START Exercise materials

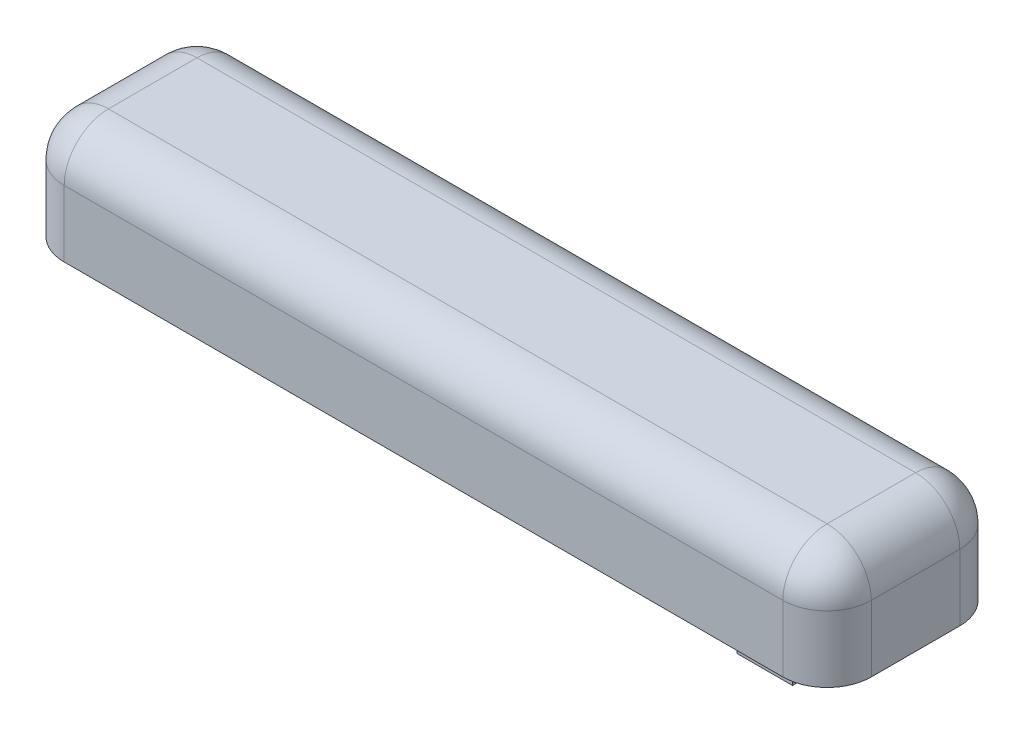
SolidWorks part; units mm, degrees
ref_plane "Alzado" through (0, 0, 0) normal (0, 0, 1) x (1, 0, 0)
ref_plane "Planta" through (0, 0, 0) normal (0, 1, 0) x (1, 0, 0)
ref_plane "Vista lateral" through (0, 0, 0) normal (1, 0, 0) x (0, 0, -1)
sketch "Croquis1" plane through (0, 0, 0) normal (0, 1, 0) x (1, 0, 0)
  line L1 (0, 0) -> (-365, 0)
  line L2 (0, 0) -> (0, 80)
  line L3 (0, 80) -> (-365, 80)
  line L4 (-365, 0) -> (-365, 80)
  dimension "D1" = 365
  dimension "D2" = 80
extrude "Saliente-Extruir1" add sketch "Croquis1" along normal blind 50 contours L2 L1 L4 L3
fillet "Redondeo1" radius 20 1 edges at (-182.5, 50, -80)
fillet "Redondeo2" radius 20 1 edges at (-182.5, 50, 0)
fillet "Redondeo3" radius 20 5 edges at (0, 15, 0) (0, 44.1421, -5.8579) (0, 15, -80) (0, 44.1421, -74.1421) (0, 50, -40)
fillet "Redondeo4" radius 20 5 edges at (-365, 15, 0) (-365, 44.1421, -5.8579) (-365, 15, -80) (-365, 44.1421, -74.1421) (-365, 50, -40)
sketch "Croquis2" plane through (0, 0, 0) normal (0, -1, 0) x (1, 0, 0)
  line L5 (-66.4672, -25.8166) -> (-41.4672, -25.8166)
  line L6 (-66.4672, -25.8166) -> (-66.4672, -50.8166)
  line L7 (-66.4672, -50.8166) -> (-41.4672, -50.8166)
  line L8 (-41.4672, -25.8166) -> (-41.4672, -50.8166)
  dimension "D1" = 25
  dimension "D2" = 25
extrude "Saliente-Extruir2" add sketch "Croquis2" along normal blind 27
sketch "Croquis3" plane through (0, -27, 0) normal (0, -1, 0) x (1, 0, 0)
  line L1 (-63.5, -47.5) -> (-44.5, -47.5)
  line L2 (-63.5, -47.5) -> (-63.5, -28.5)
  line L3 (-63.5, -28.5) -> (-44.5, -28.5)
  line L4 (-44.5, -47.5) -> (-44.5, -28.5)
  line L5 (-63.5, -47.5) -> (-44.5, -28.5) construction
  line L6 (-63.5, -28.5) -> (-44.5, -47.5) construction
  point P0 (-54, -38)
  point P5 (0, 0)
  dimension "D1" = 19
  dimension "D2" = 19
extrude "Cortar-Extruir1" cut sketch "Croquis3" against normal blind 23
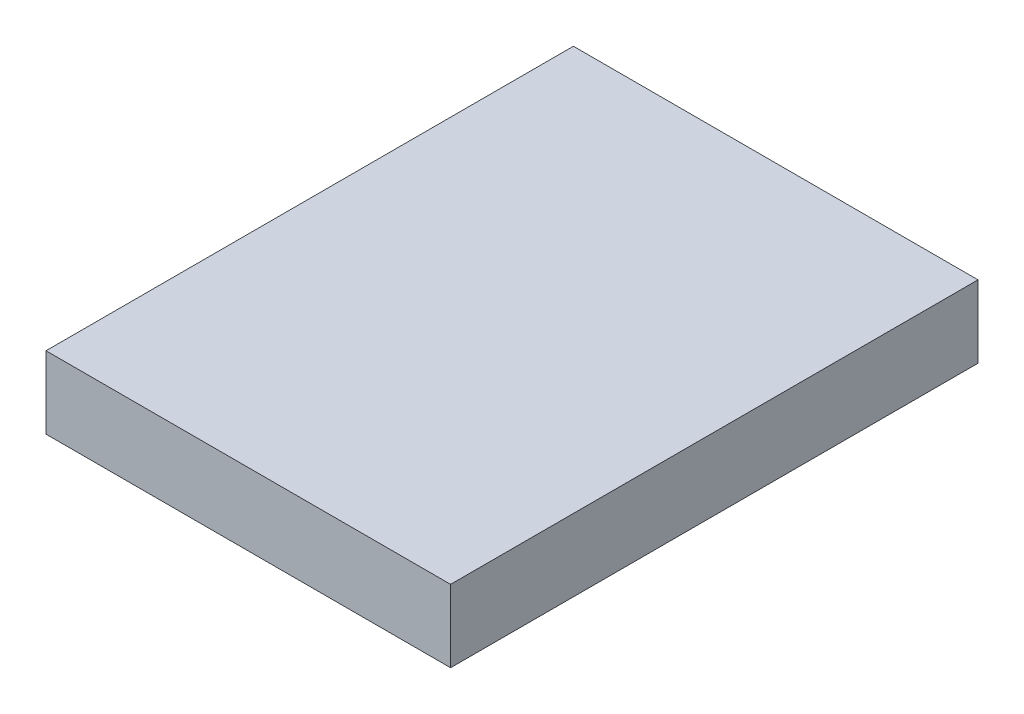
SolidWorks part; units mm, degrees
ref_plane "Front Plane" through (0, 0, 0) normal (0, 0, 1) x (1, 0, 0)
ref_plane "Top Plane" through (0, 0, 0) normal (0, 1, 0) x (1, 0, 0)
ref_plane "Right Plane" through (0, 0, 0) normal (1, 0, 0) x (0, 0, -1)
sketch "Sketch1" plane through (0, 0, 0) normal (0, 1, 0) x (1, 0, 0)
  line L1 (0, 0) -> (112, 0)
  line L2 (0, 0) -> (0, 146)
  line L3 (0, 146) -> (112, 146)
  line L4 (112, 0) -> (112, 146)
  dimension "D1" = 146
  dimension "D2" = 112
extrude "Boss-Extrude1" add sketch "Sketch1" along normal blind 20

END Exercise materials

- Task to carry out
Write out exactly the lines of the entries above that run from the line containing "line L4 (112, 0) -> (112, 146)" through the last line, including both.

- Response to the task
  line L4 (112, 0) -> (112, 146)
  dimension "D1" = 146
  dimension "D2" = 112
extrude "Boss-Extrude1" add sketch "Sketch1" along normal blind 20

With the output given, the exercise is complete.